▶ **Directions**: Extract the opening line of the entries and every line after it, stopping at and including the line that contains "## Nets (pads, with". Do not include pictures.

▶ **Stored data**:
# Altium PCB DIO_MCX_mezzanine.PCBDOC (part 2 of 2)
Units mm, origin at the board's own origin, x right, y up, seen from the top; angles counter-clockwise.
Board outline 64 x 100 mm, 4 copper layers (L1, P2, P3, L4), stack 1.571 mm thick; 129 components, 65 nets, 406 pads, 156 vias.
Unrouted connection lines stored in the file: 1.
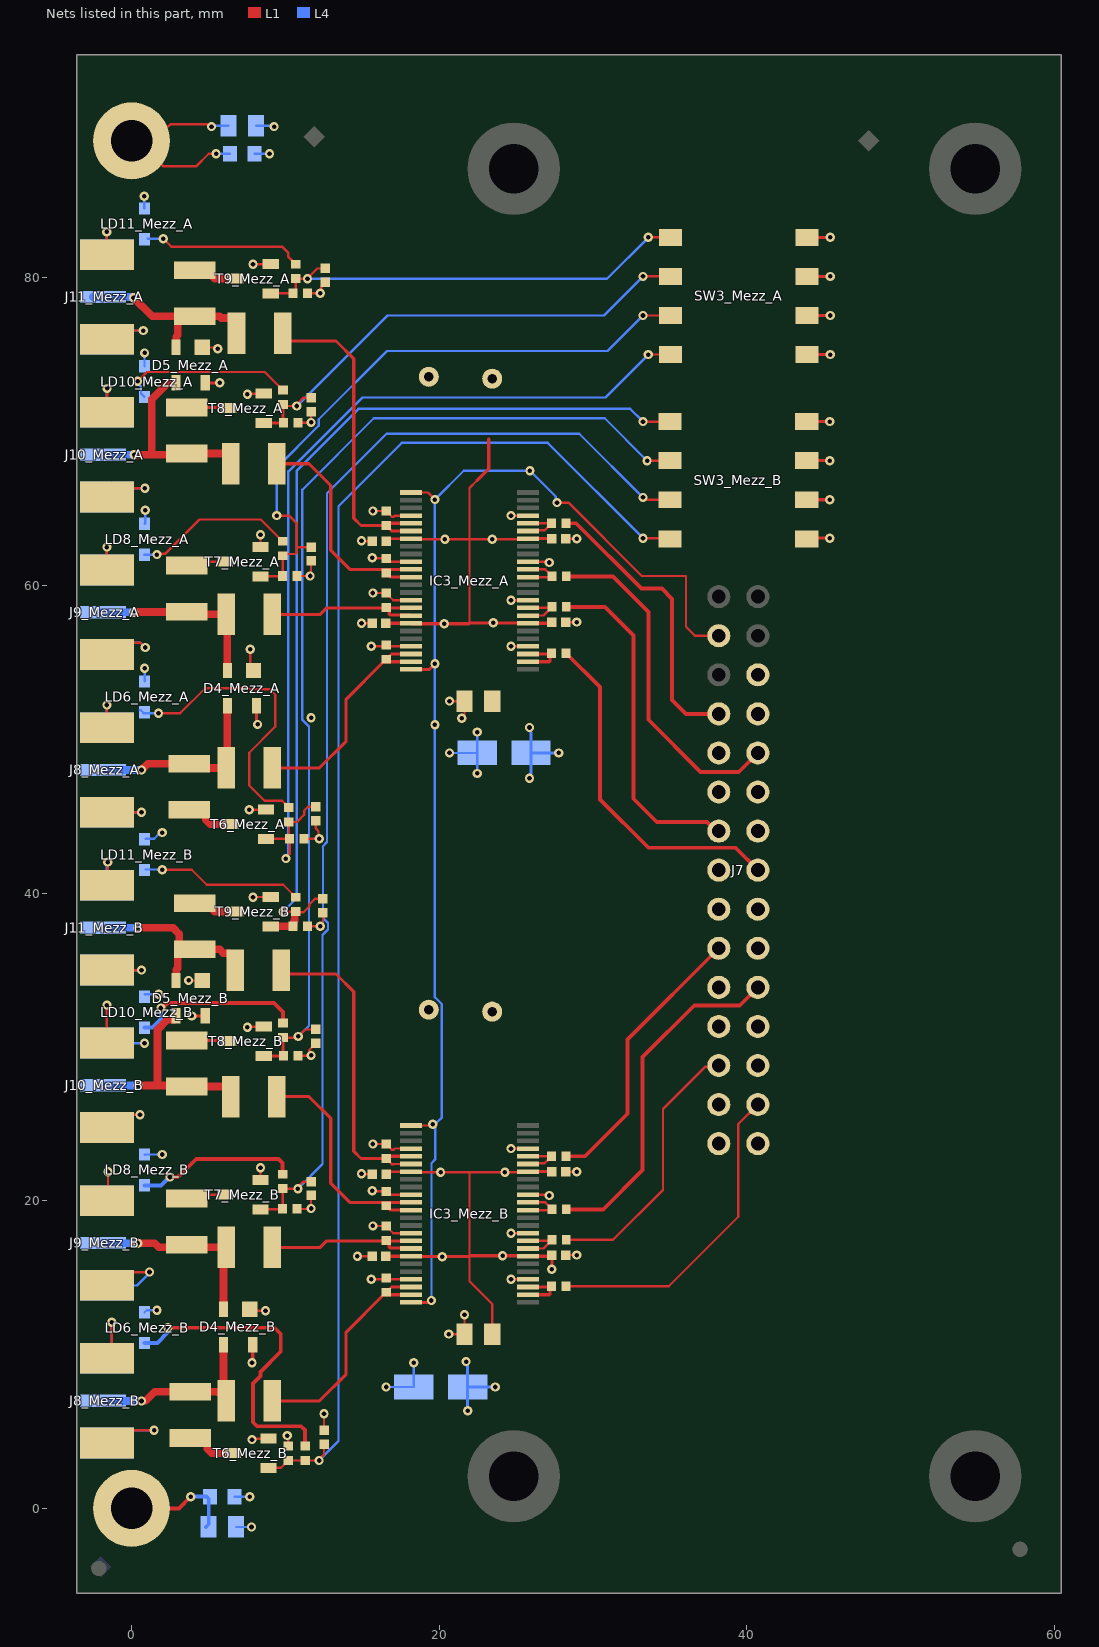
[diagram p4: the nets of this part, all layers, seen from the top]

## Via types
v1: diameter 0.6, hole 0.3, L1 to L4, tented both sides, 152 vias
v2: diameter 0.6, hole 0.3, L1 to L4, 4 vias

## Nets (pads, with @x,y where several pads share a name; then routed paths per layer and width w, separated by ;. In a path a pad name is that pad's centre, name@x,y a point inside that pad or via, vN(x,y) a via of type N, cw(c..) or ccw(c..) an arc to the next point about the centre after c; other vN are vias at no path point) (continued)
GND: B11_Mezz_A.1 B11_Mezz_B.1 C15_Mezz_A.1 C15_Mezz_B.1 C16_Mezz_A.1 C16_Mezz_B.1 C17_Mezz_A.1 C17_Mezz_B.1 C18_Mezz_A.1 C18_Mezz_B.1 C19_Mezz_A.2 C19_Mezz_B.2 C20_Mezz_A.1 C20_Mezz_B.1 C21.2 C22.2 C25_Mezz_A.1 C25_Mezz_B.1 C26_Mezz_A.1 C26_Mezz_B.1 C27_Mezz_A.1 C27_Mezz_B.1 C28_Mezz_A.1 C28_Mezz_B.1 D4_Mezz_A.1 D4_Mezz_B.1 D5_Mezz_A.1 D5_Mezz_B.1 IC3_Mezz_A.4 IC3_Mezz_A.10 IC3_Mezz_A.15 IC3_Mezz_A.21 IC3_Mezz_A.28 IC3_Mezz_A.34 IC3_Mezz_A.39 IC3_Mezz_A.45 IC3_Mezz_B.4 IC3_Mezz_B.10 IC3_Mezz_B.15 IC3_Mezz_B.21 IC3_Mezz_B.28 IC3_Mezz_B.34 IC3_Mezz_B.39 IC3_Mezz_B.45 J7.2 J7.4 J7.5 J7.7 J7.8 J7.10 J7.11 J7.13 J7.14 J7.16 J7.17 J7.19 J7.20 J7.22 J7.23 J8_Mezz_A.2 J8_Mezz_B.2 J9_Mezz_A.2 J9_Mezz_B.2 J10_Mezz_A.2 J10_Mezz_B.2 J11_Mezz_A.2 J11_Mezz_B.2 LD6_Mezz_A.1 LD6_Mezz_B.1 LD8_Mezz_A.1 LD8_Mezz_B.1 LD10_Mezz_A.1 LD10_Mezz_B.1 LD11_Mezz_A.1 LD11_Mezz_B.1 R39_Mezz_A.1 R39_Mezz_B.1 R43_Mezz_A.1 R43_Mezz_B.1 R48_Mezz_A.1 R48_Mezz_B.1 R51_Mezz_A.1 R51_Mezz_B.1 R56_Mezz_A.1 R56_Mezz_B.1 R57_Mezz_A.1 R57_Mezz_B.1 R58_Mezz_A.1 R58_Mezz_B.1 R59_Mezz_A.1 R59_Mezz_B.1 R60.1 R61.1 T6_Mezz_A.2 T6_Mezz_B.2 T7_Mezz_A.2 T7_Mezz_B.2 T8_Mezz_A.2 T8_Mezz_B.2 T9_Mezz_A.2 T9_Mezz_B.2 | length 148.2
  L1 w0.152: v1(-1.609,82.979) -1.606,82.976 J11_Mezz_A.2@-1.606,82.488 ; J10_Mezz_B.2@-1.606,24.738 -0.756,25.588 v1(0.544,25.588) ; J10_Mezz_B.2@-1.606,31.088 v1(-1.606,32.713) ; J11_Mezz_B.2@-1.606,34.988 v1(0.647,34.988) ; J11_Mezz_B.2@-1.606,40.488 -1.549,40.545 v1(-1.549,42.012) ; J8_Mezz_A.2@-1.606,50.75 v1(-1.606,52.222) ; J9_Mezz_A.2@-1.606,61.988 v1(-1.606,62.488) ; J10_Mezz_A.2@-1.606,72.238 -1.592,72.252 v1(-1.592,72.804) ; J11_Mezz_A.2@-1.606,76.924 -1.505,76.823 -0.033,76.823 -0.033,76.667 0.068,76.566 v1(0.763,76.566) ; v1(-1.537,21.888) -1.537,20.838 J9_Mezz_B.2@-1.287,20.838 ; J8_Mezz_A.2@-1.309,45.25 v1(0.647,45.25) ; J8_Mezz_B.2@-1.287,5.081 v1(1.463,5.081) ; J8_Mezz_B.2@-1.287,10.581 v1(-1.287,12.091) ; J9_Mezz_B.2@-1.287,15.338 1.137,15.338 v1(1.163,15.364) ; J10_Mezz_A.2@-1.287,66.674 -0.924,66.311 v1(0.863,66.311) ; J9_Mezz_A.2@-1.173,56.374 -0.308,56.374 -0.206,56.272 0.581,56.272 0.889,55.964 v1(0.894,55.964) ; v2(3.707,34.319) 3.713,34.313 D5_Mezz_B.1@4.594,34.313 ; D5_Mezz_A.1@4.594,75.469 5.513,75.469 v2(5.594,75.388) ; v1(7.527,31.269) 7.575,31.317 T8_Mezz_B.2@8.594,31.317 ; v1(7.527,72.419) 7.575,72.467 T8_Mezz_A.2@8.594,72.467 ; v1(7.644,45.414) 7.653,45.423 T6_Mezz_A.2@8.741,45.423 ; D4_Mezz_B.1@7.677,12.941 7.77,12.848 v2(8.707,12.848) ; v2(7.707,55.848) 7.707,54.691 D4_Mezz_A.1@7.929,54.469 ; v1(7.827,4.467) 7.891,4.531 T6_Mezz_B.2@8.897,4.531 ; v1(7.894,39.728) 7.904,39.738 T9_Mezz_B.2@9.044,39.738 ; v1(7.894,80.878) 7.904,80.888 T9_Mezz_A.2@9.044,80.888 ; T7_Mezz_B.2@8.377,21.338 v1(8.377,22.138) ; T7_Mezz_A.2@8.377,62.488 v1(8.377,63.288) ; v1(10.113,4.73) 10.175,4.668 R56_Mezz_B.1@10.175,4.051 ; R57_Mezz_B.1@10.758,19.461 11.641,19.461 v1(11.668,19.488) C27_Mezz_B.1@11.668,20.339 ; R57_Mezz_A.1@10.758,60.611 v1(11.605,60.611) 11.668,60.674 C27_Mezz_A.1@11.668,61.588 ; R58_Mezz_B.1@10.814,29.417 11.638,29.417 v1(11.668,29.447) 11.582,29.533 11.582,29.73 11.531,29.781 C26_Mezz_B.1@11.982,30.233 ; R58_Mezz_A.1@10.814,70.567 11.638,70.567 v1(11.668,70.597) C26_Mezz_A.1@11.668,71.301 ; R56_Mezz_A.1@11.214,43.523 v1(12.204,43.523) 12.154,43.573 12.154,44.023 11.982,44.194 C28_Mezz_A.1@11.982,44.704 ; R59_Mezz_B.1@11.439,37.838 v1(12.27,37.838) 12.27,37.959 12.441,38.13 C25_Mezz_B.1@12.441,38.726 ; R59_Mezz_A.1@11.439,78.988 v1(12.27,78.988) 12.32,79.038 12.32,79.381 12.352,79.413 12.352,79.47 C25_Mezz_A.1@12.586,79.704 ; v1@11.605,51.329 v1(11.668,51.392) ; C28_Mezz_B.1@12.511,5.076 v1(12.511,6.154) ; v1(14.681,16.388) C18_Mezz_B.1@15.634,16.388 ; v1(14.944,21.749) 14.974,21.719 C15_Mezz_B.1@15.644,21.719 ; v1(14.944,57.538) C18_Mezz_A.1@15.634,57.538 ; v1(14.944,62.899) 14.974,62.869 C15_Mezz_A.1@15.644,62.869 ; v1(15.584,14.898) 15.594,14.888 IC3_Mezz_B.45@18.169,14.888 ; v1(15.584,56.048) 15.594,56.038 IC3_Mezz_A.45@18.169,56.038 ; v1(15.644,20.653) 15.688,20.608 R48_Mezz_B.1@16.554,20.608 16.774,20.388 IC3_Mezz_B.34@18.169,20.388 ; v1(15.644,61.803) 15.688,61.758 R48_Mezz_A.1@16.554,61.758 16.774,61.538 IC3_Mezz_A.34@18.169,61.538 ; v1(15.688,18.358) R43_Mezz_B.1@16.544,18.358 17.014,17.888 IC3_Mezz_B.39@18.169,17.888 ; v1(15.688,23.683) R51_Mezz_B.1@16.554,23.683 16.922,23.314 17.049,23.314 17.123,23.388 IC3_Mezz_B.28@18.169,23.388 ; v1(15.688,59.508) R43_Mezz_A.1@16.544,59.508 17.014,59.038 IC3_Mezz_A.39@18.169,59.038 ; v1(15.688,64.833) R51_Mezz_A.1@16.554,64.833 16.922,64.464 17.049,64.464 17.123,64.538 IC3_Mezz_A.28@18.169,64.538 ; v1@20.626,11.328 C20_Mezz_B.1@21.644,11.328 v1(21.644,12.588) ; v1(20.667,52.478) C20_Mezz_A.1@21.644,52.478 21.644,51.578 21.467,51.4 v1(21.467,51.358) ; v1(24.669,14.888) IC3_Mezz_B.4@25.769,14.888 ; v1(24.669,17.888) IC3_Mezz_B.10@25.769,17.888 ; v1(24.669,23.388) IC3_Mezz_B.21@25.769,23.388 ; v1(24.669,56.038) IC3_Mezz_A.4@25.769,56.038 ; v1(24.669,59.038) IC3_Mezz_A.10@25.769,59.038 ; v1(24.669,64.538) IC3_Mezz_A.21@25.769,64.538 ; IC3_Mezz_B.15@25.769,20.388 27.104,20.388 v1(27.153,20.339) ; IC3_Mezz_A.15@25.769,61.538 27.104,61.538 v1(27.153,61.489) ; C16_Mezz_B.1@28.219,16.464 v1(28.944,16.464) ; C17_Mezz_B.1@28.219,21.888 v1(28.944,21.888) ; C16_Mezz_A.1@28.219,57.614 v1(28.944,57.614) ; C17_Mezz_A.1@28.219,63.038 v1(28.944,63.038)
  L4 w0.152: J8_Mezz_A.2@-1.683,45.25 v1(0.647,45.25) ; v1(-1.609,82.979) -1.606,82.976 J11_Mezz_A.2@-1.606,82.488 ; J8_Mezz_B.2@-1.606,4.231 -0.756,5.081 v1(1.463,5.081) ; J8_Mezz_B.2@-1.606,9.75 -1.287,10.069 v1(-1.287,12.091) ; J9_Mezz_B.2@-1.606,14.488 0.344,14.488 1.163,15.308 v1(1.163,15.364) ; J9_Mezz_B.2@-1.606,19.988 -1.537,20.058 v1(-1.537,21.888) ; J10_Mezz_B.2@-1.606,24.738 -0.756,25.588 v1(0.544,25.588) ; J10_Mezz_B.2@-1.606,30.238 v1(0.836,30.238) ; J11_Mezz_B.2@-1.606,34.988 v1(0.647,34.988) ; J11_Mezz_B.2@-1.606,40.488 -1.606,41.955 v1(-1.549,42.012) ; J8_Mezz_A.2@-1.606,51.738 v1(-1.606,52.222) ; J9_Mezz_A.2@-1.606,56.424 -1.454,56.272 0.581,56.272 0.889,55.964 v1(0.894,55.964) ; J9_Mezz_A.2@-1.606,61.988 v1(-1.606,62.488) ; J10_Mezz_A.2@-1.606,66.674 -1.451,66.519 -0.087,66.519 -0.087,66.467 0.068,66.311 v1(0.863,66.311) ; J10_Mezz_A.2@-1.606,72.238 -1.606,72.79 v1(-1.592,72.804) ; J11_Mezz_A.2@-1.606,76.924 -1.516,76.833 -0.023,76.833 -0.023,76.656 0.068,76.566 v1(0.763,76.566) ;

▶ **Answer to this task**:
# Altium PCB DIO_MCX_mezzanine.PCBDOC (part 2 of 2)
Units mm, origin at the board's own origin, x right, y up, seen from the top; angles counter-clockwise.
Board outline 64 x 100 mm, 4 copper layers (L1, P2, P3, L4), stack 1.571 mm thick; 129 components, 65 nets, 406 pads, 156 vias.
Unrouted connection lines stored in the file: 1.
[diagram p4: the nets of this part, all layers, seen from the top]

## Via types
v1: diameter 0.6, hole 0.3, L1 to L4, tented both sides, 152 vias
v2: diameter 0.6, hole 0.3, L1 to L4, 4 vias

## Nets (pads, with @x,y where several pads share a name; then routed paths per layer and width w, separated by ;. In a path a pad name is that pad's centre, name@x,y a point inside that pad or via, vN(x,y) a via of type N, cw(c..) or ccw(c..) an arc to the next point about the centre after c; other vN are vias at no path point) (continued)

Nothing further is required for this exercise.